John Ackah Blay-Miezah was Anansi. His story of Nkrumah’s secret fortune rewrote Ghana’s history and made him fabulously rich. Then it destroyed him. But the story outlived Blay-Miezah. Decades after his death, people are still telling his story and are still hunting for Nkrumah’s gold.
Blay-Miezah was a precocious child. He noticed—and remembered— almost everything. People thought he had supernatural abilities and started asking him for advice. The young Blay-Miezah quickly learned that if you told people what they wanted to hear, they would give you anything. He grew into a charming young man who liked the high life and paid for it by scam- ming his way around West Africa and the United States. He left a trail of angry diplomats, hotel managers, and investigators in his wake. Each time he got caught, Blay-Miezah found a bigger story, a better con, and ever-more- powerful associates to bail him out. One day, he turned a combination of half-remembered news bulletins, CIA propaganda, and prison-yard gossip into the Oman Ghana Trust Fund.
Very soon, Blay-Miezah was selling the Trust Fund to businessmen in Philadelphia and industrialists in Accra. Lawyers and politicians, distinguished and disgraced, lent the operation their gravitas. Millions of dollars poured in.
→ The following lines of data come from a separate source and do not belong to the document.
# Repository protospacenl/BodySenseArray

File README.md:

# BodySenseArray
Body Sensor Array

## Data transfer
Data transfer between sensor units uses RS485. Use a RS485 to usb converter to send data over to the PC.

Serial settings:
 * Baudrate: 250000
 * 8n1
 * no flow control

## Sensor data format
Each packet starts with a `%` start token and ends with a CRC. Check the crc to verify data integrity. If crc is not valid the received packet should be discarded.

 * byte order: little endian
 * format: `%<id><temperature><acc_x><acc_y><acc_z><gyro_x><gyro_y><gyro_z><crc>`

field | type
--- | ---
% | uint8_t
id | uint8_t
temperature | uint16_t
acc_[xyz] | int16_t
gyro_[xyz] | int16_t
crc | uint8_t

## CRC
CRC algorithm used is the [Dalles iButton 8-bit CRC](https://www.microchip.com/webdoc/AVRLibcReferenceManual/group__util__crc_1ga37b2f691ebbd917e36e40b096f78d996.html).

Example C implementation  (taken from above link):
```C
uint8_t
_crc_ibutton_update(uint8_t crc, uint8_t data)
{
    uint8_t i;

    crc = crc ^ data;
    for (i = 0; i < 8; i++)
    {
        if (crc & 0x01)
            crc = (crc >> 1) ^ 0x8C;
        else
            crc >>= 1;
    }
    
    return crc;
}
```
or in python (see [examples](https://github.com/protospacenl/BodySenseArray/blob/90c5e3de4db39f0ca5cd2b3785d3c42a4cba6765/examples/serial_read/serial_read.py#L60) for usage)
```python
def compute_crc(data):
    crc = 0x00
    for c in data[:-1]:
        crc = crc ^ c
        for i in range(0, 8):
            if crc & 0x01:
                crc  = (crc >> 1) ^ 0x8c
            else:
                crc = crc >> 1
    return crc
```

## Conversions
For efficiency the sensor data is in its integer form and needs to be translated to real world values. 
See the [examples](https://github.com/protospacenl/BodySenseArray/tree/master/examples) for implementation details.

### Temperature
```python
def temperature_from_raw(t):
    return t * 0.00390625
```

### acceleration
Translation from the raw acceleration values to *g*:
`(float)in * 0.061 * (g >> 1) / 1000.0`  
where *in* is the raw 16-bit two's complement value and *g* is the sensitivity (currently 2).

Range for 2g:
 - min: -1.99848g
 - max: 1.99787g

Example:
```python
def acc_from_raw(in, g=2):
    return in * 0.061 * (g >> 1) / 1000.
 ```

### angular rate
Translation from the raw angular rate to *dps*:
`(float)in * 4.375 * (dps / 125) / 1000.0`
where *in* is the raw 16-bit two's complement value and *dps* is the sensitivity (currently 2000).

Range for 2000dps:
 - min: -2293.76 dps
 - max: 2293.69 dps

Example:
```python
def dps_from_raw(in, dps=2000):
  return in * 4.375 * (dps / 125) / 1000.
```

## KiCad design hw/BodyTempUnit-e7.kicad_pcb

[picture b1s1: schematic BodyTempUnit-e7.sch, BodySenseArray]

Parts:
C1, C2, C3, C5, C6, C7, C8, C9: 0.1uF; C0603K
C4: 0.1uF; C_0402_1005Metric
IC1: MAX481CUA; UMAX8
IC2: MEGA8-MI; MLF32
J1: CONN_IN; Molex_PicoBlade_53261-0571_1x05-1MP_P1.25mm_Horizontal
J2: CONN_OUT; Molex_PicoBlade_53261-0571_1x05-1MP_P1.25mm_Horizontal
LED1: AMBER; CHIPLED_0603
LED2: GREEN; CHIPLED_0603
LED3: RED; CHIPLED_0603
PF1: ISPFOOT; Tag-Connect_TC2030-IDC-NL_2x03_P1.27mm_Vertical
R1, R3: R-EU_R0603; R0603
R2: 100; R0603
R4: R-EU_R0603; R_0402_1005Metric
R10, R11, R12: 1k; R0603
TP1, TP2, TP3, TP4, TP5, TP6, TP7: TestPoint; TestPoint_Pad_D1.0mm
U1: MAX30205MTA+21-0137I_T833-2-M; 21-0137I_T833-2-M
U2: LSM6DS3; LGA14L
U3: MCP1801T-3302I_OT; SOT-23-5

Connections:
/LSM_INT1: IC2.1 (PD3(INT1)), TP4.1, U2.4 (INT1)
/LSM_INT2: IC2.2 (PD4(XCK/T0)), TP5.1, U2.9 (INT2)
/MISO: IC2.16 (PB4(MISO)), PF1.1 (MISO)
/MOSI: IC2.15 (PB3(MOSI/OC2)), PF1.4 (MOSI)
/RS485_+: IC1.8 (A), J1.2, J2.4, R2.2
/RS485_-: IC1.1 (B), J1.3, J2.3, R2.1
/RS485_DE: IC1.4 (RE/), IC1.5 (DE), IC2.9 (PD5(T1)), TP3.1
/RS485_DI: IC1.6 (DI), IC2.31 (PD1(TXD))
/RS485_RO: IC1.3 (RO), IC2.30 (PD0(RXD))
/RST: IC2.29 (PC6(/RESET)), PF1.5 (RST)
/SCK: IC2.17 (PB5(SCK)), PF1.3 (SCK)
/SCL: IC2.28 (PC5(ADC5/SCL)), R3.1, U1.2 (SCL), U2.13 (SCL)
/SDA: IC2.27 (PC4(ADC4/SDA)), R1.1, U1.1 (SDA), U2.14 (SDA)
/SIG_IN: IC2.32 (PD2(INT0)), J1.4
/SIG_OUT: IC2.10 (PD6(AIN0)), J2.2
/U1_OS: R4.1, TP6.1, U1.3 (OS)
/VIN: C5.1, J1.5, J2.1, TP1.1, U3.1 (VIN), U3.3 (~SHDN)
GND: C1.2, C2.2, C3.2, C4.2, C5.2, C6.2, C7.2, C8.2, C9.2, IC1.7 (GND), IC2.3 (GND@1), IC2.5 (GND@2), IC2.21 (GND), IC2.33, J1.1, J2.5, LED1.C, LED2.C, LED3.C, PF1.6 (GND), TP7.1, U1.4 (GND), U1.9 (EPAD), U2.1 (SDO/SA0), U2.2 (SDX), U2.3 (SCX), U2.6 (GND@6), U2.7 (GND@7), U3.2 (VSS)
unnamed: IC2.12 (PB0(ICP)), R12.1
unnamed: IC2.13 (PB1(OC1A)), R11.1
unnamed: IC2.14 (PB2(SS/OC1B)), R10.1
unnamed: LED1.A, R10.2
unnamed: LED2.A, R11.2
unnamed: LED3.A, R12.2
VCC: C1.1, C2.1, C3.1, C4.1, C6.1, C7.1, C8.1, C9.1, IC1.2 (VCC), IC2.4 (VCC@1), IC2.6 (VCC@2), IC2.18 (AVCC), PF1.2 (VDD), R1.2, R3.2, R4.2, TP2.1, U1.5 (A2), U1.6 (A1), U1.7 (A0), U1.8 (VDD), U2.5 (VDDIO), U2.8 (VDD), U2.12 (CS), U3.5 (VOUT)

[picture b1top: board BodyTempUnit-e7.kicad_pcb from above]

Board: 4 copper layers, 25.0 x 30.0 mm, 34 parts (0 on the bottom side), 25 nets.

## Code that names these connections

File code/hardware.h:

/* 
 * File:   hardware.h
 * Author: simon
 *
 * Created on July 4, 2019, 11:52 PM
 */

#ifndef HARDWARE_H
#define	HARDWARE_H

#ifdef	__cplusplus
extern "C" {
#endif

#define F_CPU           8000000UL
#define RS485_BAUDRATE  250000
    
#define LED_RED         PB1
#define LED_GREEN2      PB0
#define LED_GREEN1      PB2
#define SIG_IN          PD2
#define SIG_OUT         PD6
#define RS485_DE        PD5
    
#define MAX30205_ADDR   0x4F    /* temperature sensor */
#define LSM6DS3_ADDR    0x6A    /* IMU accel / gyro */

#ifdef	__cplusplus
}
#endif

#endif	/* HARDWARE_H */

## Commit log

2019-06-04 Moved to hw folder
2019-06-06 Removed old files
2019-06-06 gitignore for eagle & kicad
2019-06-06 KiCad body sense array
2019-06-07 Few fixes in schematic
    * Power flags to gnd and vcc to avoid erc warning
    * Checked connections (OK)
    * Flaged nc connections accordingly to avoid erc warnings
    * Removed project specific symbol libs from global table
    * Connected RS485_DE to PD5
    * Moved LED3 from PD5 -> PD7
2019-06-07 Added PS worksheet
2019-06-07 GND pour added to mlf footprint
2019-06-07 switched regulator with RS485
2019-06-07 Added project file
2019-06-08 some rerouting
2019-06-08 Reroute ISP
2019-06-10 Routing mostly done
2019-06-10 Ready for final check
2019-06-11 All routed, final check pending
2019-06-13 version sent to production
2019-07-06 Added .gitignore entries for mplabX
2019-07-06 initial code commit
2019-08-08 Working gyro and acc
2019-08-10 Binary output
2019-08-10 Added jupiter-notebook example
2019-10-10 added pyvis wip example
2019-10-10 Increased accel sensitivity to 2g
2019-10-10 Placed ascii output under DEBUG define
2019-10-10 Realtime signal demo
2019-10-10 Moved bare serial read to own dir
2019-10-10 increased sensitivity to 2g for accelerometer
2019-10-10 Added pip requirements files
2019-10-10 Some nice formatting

To keep the investors coming, Blay-Miezah promised them returns of ten to one, twenty to one, or even a hundred to one. He would take money from poor widows in South Philadelphia and millionaires in Achimota. He ran for president of Ghana, smuggled money and guns, and made himself indispensable to crooked bankers, corrupt officials, and, eventually, the most brutal regime ever to hold power in Ghana. By the mid-1980s, the Oman Ghana Trust Fund had become one of the largest frauds of the twentieth century.
Over the years, the trail of destruction behind Blay-Miezah kept growing. He sacrificed one ally after another. His supporters and investors lost their homes, their businesses, and their families. Law enforcement agencies on three continents began to investigate him. Blay-Miezah started looking for a way out, but he realized that his story had trapped him too. So he staked everything on one final bet and tried to con the entire world.
At the heart of Blay-Miezah’s con was a country ripped apart by colonialism, then given no time to heal. Before Ghana could mourn its losses, or rebuild, it was set upon by vultures from around the world and destroyed
from within by opportunistic crooks. These were Blay-Miezah’s people: military dictators, unscrupulous businessmen, ruthless spies, and corrupt politicians.
This is a story of how lies change history. And it is a story that comes with a warning. If a lie is big enough—if enough people profit from it—that lie will not just change history: it will become history.
The Oman Ghana Trust Fund never existed. The story of President Nkrumah’s secret fortune was a lie. But it—and Blay-Miezah—shaped the modern history of Ghana. This is the story of a lie that changed the world.